KVM recently added KVM_BUG_ON, which makes all subsequent ioctls return with EIO.

What to do in response to a kernel warning

xecycle — Thu, 18 Nov 2021 23:26:48 +0000

I don’t know whether journalctl -k -p warning means the same WARNING? I’m seeing warnings (and errors) on every boot saying tsc is unstable, switching clocksource to hpet; so if it does mean the same, maybe I cannot boot if this settled on “panic on warning”.

What to do in response to a kernel warning

dambacher — Thu, 18 Nov 2021 22:59:59 +0000

maybe we should taint the affected subsystem on a WARN,
and make security sensible processes aware of this.
they can decide themselves if it is save to continue or not.

What to do in response to a kernel warning

a13xp0p0v — Thu, 18 Nov 2021 22:53:40 +0000

That is the right question.

In theory, the userspace should be adapted to this kernel behavior.

In practice, currently, the Linux kernel kills processes on oops. OOM killer kills processes. grsecurity also kills processes.

pkill_on_warn is simply stopping the process when the first signs of wrong behavior are detected. That complies with the Fail-Fast principle.
Bugs usually don't come alone, and a kernel warning may be followed by memory corruption or other negative effects. Real example:
https://a13xp0p0v.github.io/2020/02/15/CVE-2019-18683.html
pkill_on_warn would prevent this kernel vulnerability exploit.

It would also make kernel warning infoleaks less valuable for the attacker. Exploit examples using such infoleaks:
https://googleprojectzero.blogspot.com/2018/09/a-cache-in...
https://a13xp0p0v.github.io/2021/02/09/CVE-2021-26708.html

Anyway, this patch provoked a deep discussion.
Maybe one day, the Linux kernel will get a more consistent error handling policy.

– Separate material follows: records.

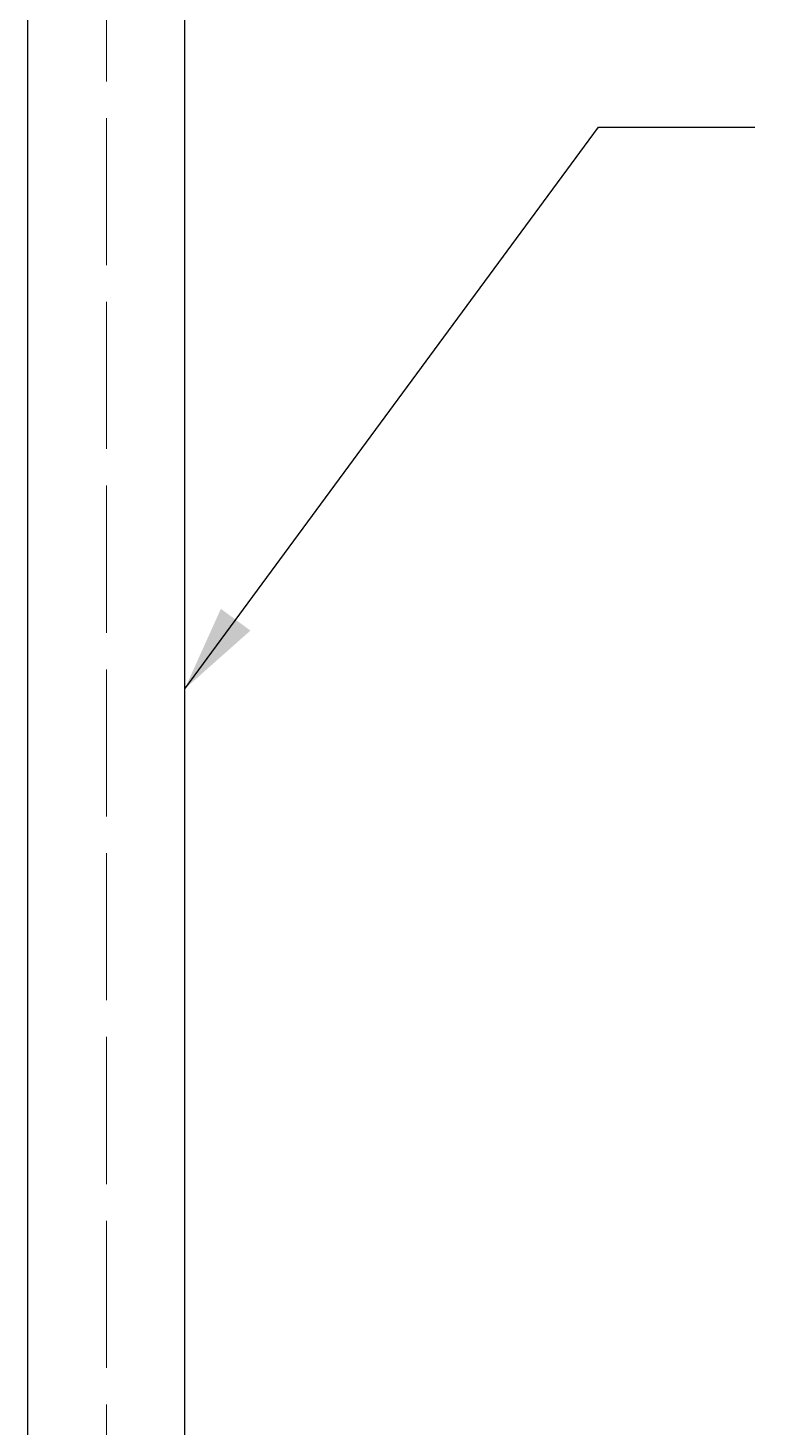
# Model space of a CAD drawing. Header units: millimetres. Extents: x 24811 to 87790, y -117828 to -2257.
# Drawn here: x 86878.2 to 86938.5, y -117394.5 to -117280.3 of the extents above; entities that cross this region are included whole.
import ezdxf

# ---------------------------------------------------------------- set-up
doc = ezdxf.new("R2010")
doc.units = ezdxf.units.MM
doc.linetypes.add('ACAD_ISO02W100', pattern=[15, 12, -3])
doc.layers.add('尺寸標注', color=1, linetype='Continuous', lineweight=30)
doc.dimstyles.new('DIMSTYLE_1', dxfattribs={"dimtxt": 9.5, "dimasz": 7, "dimexe": 0.18, "dimexo": 0.0625, "dimgap": 1, "dimtad": 1, "dimtoh": 1, "dimdsep": 46, "dimtxsty": 'Standard', "dimblk": '_FILLED', "dimcen": 0.09, "dimadec": 0, "dimazin": 0, "dimtp": 0.01, "dimtm": 0.01, "dimtfac": 1, "dimtofl": 0, "dimtmove": 0, "dimatfit": 3, "dimldrblk": '_FILLED', "dimfxl": 1, "dimtolj": 1, "dimarcsym": 0})

# ---------------------------------------------------------------- blocks, each defined once
blk = doc.blocks.new('_FILLED')
at = {"color": 0, "linetype": 'ByBlock'}
blk.add_solid([(0, 0), (-1, 0.214), (-1, -0.214)], dxfattribs=at)
blk = doc.blocks.new('ggg')
at = {"layer": '尺寸標注', "color": 1, "ltscale": 5}
blk.add_leader([(86849.33, -116298.13), (86883.08, -116252.28), (86895.83, -116252.28)], dimstyle='DIMSTYLE_1', dxfattribs=at)

msp = doc.modelspace()

# ---------------------------------------------------------------- linework, layer by layer
at = {"color": 2, "linetype": 'ACAD_ISO02W100', "lineweight": 9}
msp.add_lwpolyline([(86889.63, -117187.83), (87641.63, -117187.83, -0.414214), (87646.63, -117192.83), (87646.63, -117614.63, -0.414214), (87641.63, -117619.63), (86889.63, -117619.63, -0.414214), (86884.63, -117614.63), (86884.63, -117192.83, -0.414214)], format="xyb", close=True, dxfattribs=at)
at = {"color": 3, "lineweight": 30}
msp.add_lwpolyline([(86896.03, -117194.23), (87635.23, -117194.23, -0.414214), (87640.23, -117199.23), (87640.23, -117608.23, -0.414214), (87635.23, -117613.23), (86896.03, -117613.23, -0.414214), (86891.03, -117608.23), (86891.03, -117199.23, -0.414214)], format="xyb", close=True, dxfattribs=at)
at = {"layer": '尺寸標注', "color": 0}
msp.add_lwpolyline([(86883.23, -117181.43), (87648.03, -117181.43, -0.414214), (87653.03, -117186.43), (87653.03, -117621.03, -0.414214), (87648.03, -117626.03), (86883.23, -117626.03, -0.414214), (86878.23, -117621.03), (86878.23, -117186.43, -0.414214)], format="xyb", close=True, dxfattribs=at)

# ---------------------------------------------------------------- block references
msp.add_blockref('ggg', (41.7, -1036.08), dxfattribs=at)

doc.saveas('drawing.dxf')
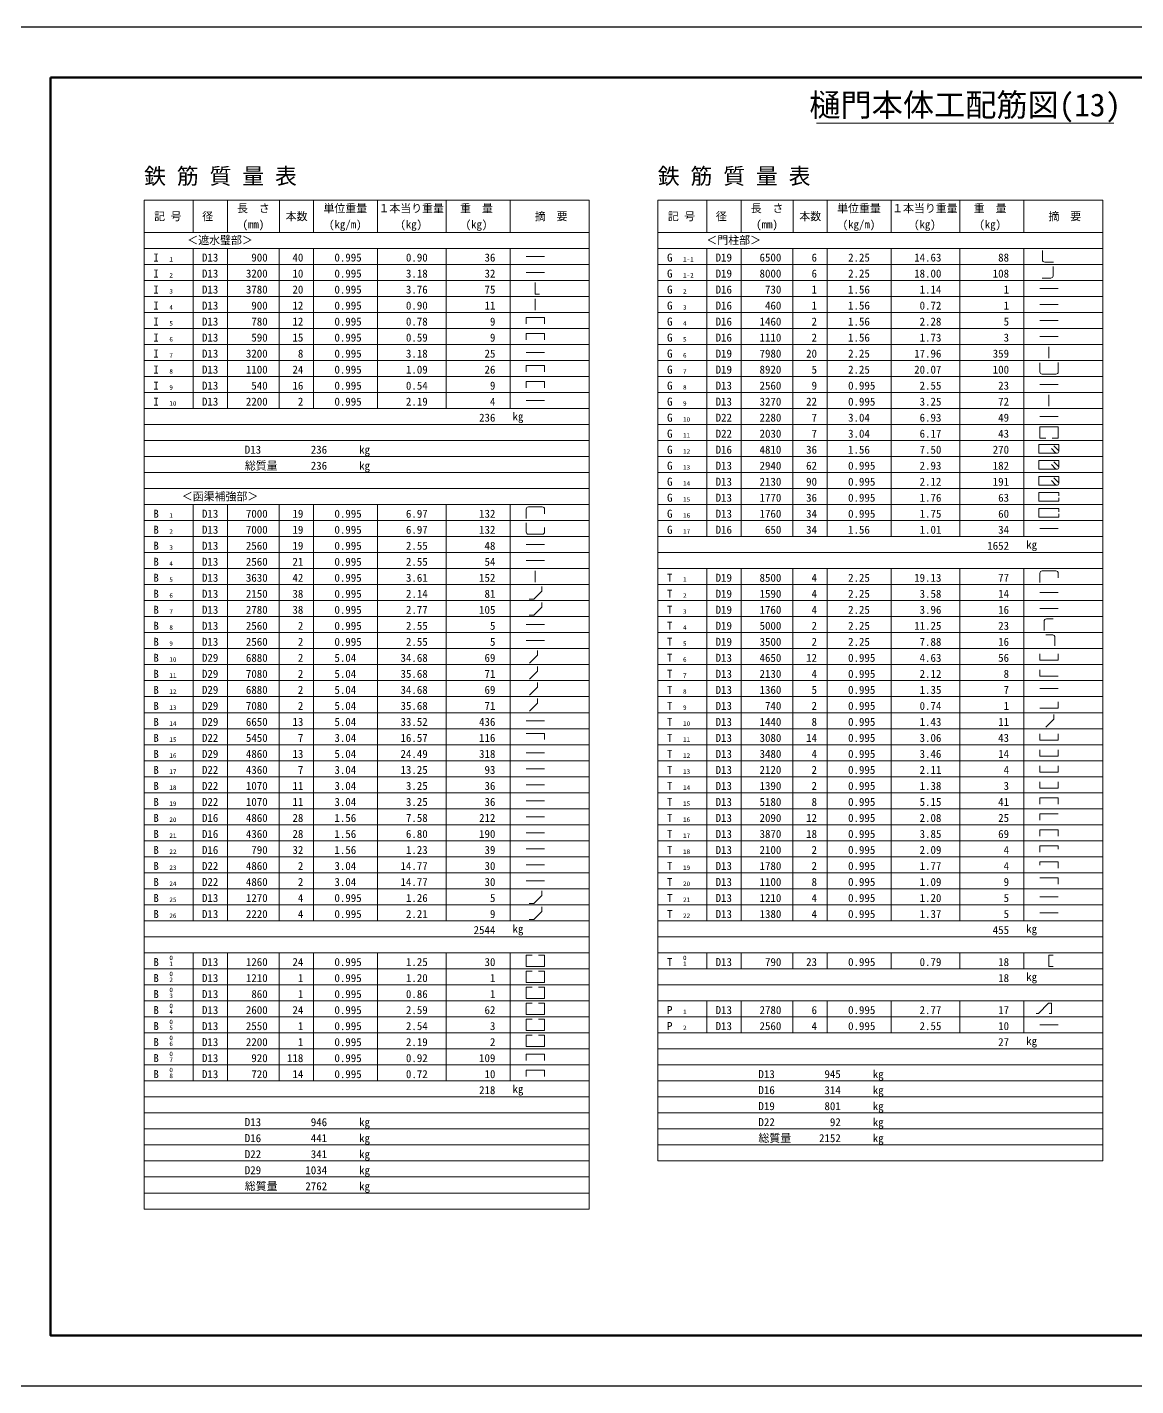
# Model space of a CAD drawing. Header units: millimetres. Extents: x 169470 to 758170, y -17820 to 11880.
# Drawn here: x 674582 to 698827, y -17820 to 11880 of the extents above; entities that cross this region are included whole.
import ezdxf
from ezdxf.enums import TextEntityAlignment as Align

# ---------------------------------------------------------------- set-up
doc = ezdxf.new("R2010")
doc.units = ezdxf.units.MM
doc.header["$LTSCALE"] = 50
doc.layers.get('Defpoints').update_dxf_attribs({"color": 151})
for name, color, linetype, lineweight in [('D-MTR-TXT', 7, 'Continuous', 13), ('D-STR-HTXT', 7, 'Continuous', 13), ('D-STR-TXT', 7, 'Continuous', 13), ('D-TTL', 2, 'Continuous', 140), ('D-TTL-LINE', 7, 'Continuous', 13), ('D-TTL-TXT', 7, 'Continuous', 13)]:
    doc.layers.add(name, color=color, linetype=linetype, lineweight=lineweight)
doc.styles.add('MS ゴシック', font='MS Gothic.ttf')
doc.styles.add('STYLE1', font='MS Gothic.ttf')
doc.styles.add('YOKO_GOTHIC', font='MS Gothic.ttf')

msp = doc.modelspace()

# ---------------------------------------------------------------- linework, layer by layer
at = {"layer": 'D-STR-TXT'}
for p, q in [((686873.83, 8095.09), (677140.61, 8095.09)), ((677140.61, 8095.09), (677140.61, 7045.09)), ((678213.3, 8095.09), (678213.3, 7395.09)), ((678963.29, 8095.09), (678963.29, 7395.09)), ((680096.8, 8095.09), (680096.8, 7395.09)), ((680846.8, 8095.09), (680846.8, 7395.09)), ((682246.78, 8095.09), (682246.78, 7395.09)), ((683746.77, 8095.09), (683746.77, 7395.09)), ((685146.75, 8095.09), (685146.75, 7395.09)), ((686873.83, 8095.09), (686873.83, 7045.09)), ((698107.06, 8095.09), (688373.83, 8095.09)), ((688373.83, 8095.09), (688373.83, 7045.09)), ((689446.52, 8095.09), (689446.52, 7395.09)), ((690196.51, 8095.09), (690196.51, 7395.09)), ((691330.03, 8095.09), (691330.03, 7395.09)), ((692080.02, 8095.09), (692080.02, 7395.09)), ((693480.01, 8095.09), (693480.01, 7395.09)), ((694979.99, 8095.09), (694979.99, 7395.09)), ((696379.98, 8095.09), (696379.98, 7395.09)), ((698107.06, 8095.09), (698107.06, 7045.09)), ((677140.61, 7395.09), (686873.83, 7395.09)), ((688373.83, 7395.09), (698106.83, 7395.09)), ((677140.61, 7045.09), (677140.61, -13954.91)), ((677140.61, 7045.09), (686873.61, 7045.09)), ((678213.61, 7045.09), (678213.61, 3545.09)), ((678963.61, 7045.09), (678963.61, 3545.09)), ((680096.61, 7045.09), (680096.61, 3545.09)), ((680846.61, 7045.09), (680846.61, 3545.09)), ((682246.61, 7045.09), (682246.61, 3545.09)), ((683746.61, 7045.09), (683746.61, 3545.09)), ((685146.61, 7045.09), (685146.61, 3545.09)), ((685496.61, 6870.09), (685896.61, 6870.09)), ((686873.61, 7045.09), (686873.61, -13954.91)), ((688373.83, 7045.09), (698106.83, 7045.09)), ((688374.06, 7045.09), (688374.06, -12904.91)), ((689446.83, 7045.09), (689446.83, 4245.09)), ((690196.83, 7045.09), (690196.83, 745.09)), ((691329.83, 7045.09), (691329.83, 745.09)), ((692079.83, 7045.09), (692079.83, 745.09)), ((693479.83, 7045.09), (693479.83, 745.09)), ((694979.83, 7045.09), (694979.83, 745.09)), ((696379.83, 7045.09), (696379.83, 4245.09)), ((696785.47, 6795.09), (696785.47, 6995.09)), ((698107.06, 7045.09), (698107.06, -12904.91)), ((677140.61, 6695.09), (686873.61, 6695.09)), ((688373.83, 6695.09), (698106.83, 6695.09)), ((696835.47, 6745.09), (697026.11, 6745.09)), ((697016.04, 6445.09), (697016.04, 6645.09)), ((677140.61, 6345.09), (686873.61, 6345.09)), ((685496.61, 6520.09), (685896.61, 6520.09)), ((685690.06, 6045.09), (685690.06, 6295.09)), ((688373.83, 6345.09), (698106.83, 6345.09)), ((696966.04, 6395.09), (696775.4, 6395.09)), ((677140.61, 5995.09), (686873.61, 5995.09)), ((685690.06, 6045.09), (685788.88, 6045.09)), ((685690.06, 5695.09), (685690.06, 5945.09)), ((688373.83, 5995.09), (698106.83, 5995.09)), ((696729.83, 6170.09), (697129.83, 6170.09)), ((677140.61, 5645.09), (686873.61, 5645.09)), ((688373.83, 5645.09), (698106.83, 5645.09)), ((696729.83, 5820.09), (697129.83, 5820.09)), ((685496.61, 5393.53), (685496.61, 5533.56)), ((685496.61, 5533.56), (685896.61, 5533.56)), ((685896.61, 5533.56), (685896.61, 5393.53)), ((696729.83, 5470.09), (697129.83, 5470.09)), ((677140.61, 5295.09), (686873.61, 5295.09)), ((685496.61, 5043.53), (685496.61, 5183.56)), ((685496.61, 5183.56), (685896.61, 5183.56)), ((685896.61, 5183.56), (685896.61, 5043.53)), ((688373.83, 5295.09), (698106.83, 5295.09)), ((696729.83, 5120.09), (697129.83, 5120.09)), ((677140.61, 4945.09), (686873.61, 4945.09)), ((685496.61, 4770.09), (685896.61, 4770.09)), ((688373.83, 4945.09), (698106.83, 4945.09)), ((696923.29, 4645.09), (696923.29, 4895.09)), ((677140.61, 4595.09), (686873.61, 4595.09)), ((685496.61, 4343.53), (685496.61, 4483.56)), ((685496.61, 4483.56), (685896.61, 4483.56)), ((685896.61, 4483.56), (685896.61, 4343.53)), ((688373.83, 4595.09), (698106.83, 4595.09)), ((696729.83, 4345.09), (696729.83, 4545.09)), ((697129.83, 4345.09), (697129.83, 4547.49)), ((677140.61, 4245.09), (686873.61, 4245.09)), ((688373.83, 4245.09), (698106.83, 4245.09)), ((689446.83, 4245.09), (689446.83, 745.09)), ((696379.83, 4245.09), (696379.83, 745.09)), ((696779.83, 4295.09), (697079.83, 4295.09)), ((677140.61, 3895.09), (686873.61, 3895.09)), ((685496.61, 3993.53), (685496.61, 4133.56)), ((685496.61, 4133.56), (685896.61, 4133.56)), ((685896.61, 4133.56), (685896.61, 3993.53)), ((688373.83, 3895.09), (698106.83, 3895.09)), ((696729.83, 4070.09), (697129.83, 4070.09)), ((685496.61, 3720.09), (685896.61, 3720.09)), ((696923.29, 3595.09), (696923.29, 3845.09)), ((677140.61, 3545.09), (686873.61, 3545.09)), ((688373.83, 3545.09), (698106.83, 3545.09)), ((696729.83, 3370.09), (697129.83, 3370.09)), ((677140.61, 3195.09), (686873.61, 3195.09)), ((688373.83, 3195.09), (698106.83, 3195.09)), ((696729.83, 3145.09), (696729.83, 2895.09)), ((696729.83, 3145.09), (697129.83, 3145.09)), ((697129.83, 3145.09), (697129.83, 2895.09)), ((677140.61, 2845.09), (686873.61, 2845.09)), ((688373.83, 2845.09), (698106.83, 2845.09)), ((696729.83, 2895.09), (696860.51, 2895.09)), ((697129.83, 2895.09), (696999.16, 2895.09)), ((677140.61, 2495.09), (686873.61, 2495.09)), ((688373.83, 2495.09), (698106.83, 2495.09)), ((677140.61, 2145.09), (686873.61, 2145.09)), ((688373.83, 2145.09), (698106.83, 2145.09)), ((677140.61, 1795.09), (686873.61, 1795.09)), ((688373.83, 1795.09), (698106.83, 1795.09)), ((697140.67, 1708.86), (696704.19, 1708.86)), ((696704.19, 1708.86), (696704.19, 1516.86)), ((696704.19, 1516.86), (697140.67, 1516.86)), ((697140.67, 1632.36), (697140.67, 1708.86)), ((697140.67, 1593.36), (697140.67, 1516.86)), ((677140.61, 1445.09), (686873.61, 1445.09)), ((678213.61, 1445.09), (678213.61, -7654.91)), ((678963.61, 1445.09), (678963.61, -7654.91)), ((680096.61, 1445.09), (680096.61, -7654.91)), ((680846.61, 1445.09), (680846.61, -7654.91)), ((682246.61, 1445.09), (682246.61, -7654.91)), ((683746.61, 1445.09), (683746.61, -7654.91)), ((685146.61, 1445.09), (685146.61, -7654.91)), ((685496.61, 1343.19), (685496.61, 1143.19)), ((685546.61, 1393.19), (685846.61, 1393.19)), ((685896.61, 1343.19), (685896.61, 1243.19)), ((688373.83, 1445.09), (698106.83, 1445.09)), ((697140.67, 1358.86), (696704.19, 1358.86)), ((696704.19, 1358.86), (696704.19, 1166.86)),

What to do in response to a kernel warning

NYKevin — Thu, 18 Nov 2021 22:19:30 +0000

In the past, "I can make XScreenSaver crash by doing a weird thing" has been a CVE (because if XScreenSaver crashes, the screen unlocks). If someone could find a semi-reliable way to generate a kernel warning while a specific process is executing, then similar attacks might become possible under a pkill_on_warn policy.

Hopefully, the move to Wayland will obviate that specific instance of the problem, but in the more general case, how does the kernel know that it's safe to kill the currently executing process? You might be causing a security problem instead of remedying it.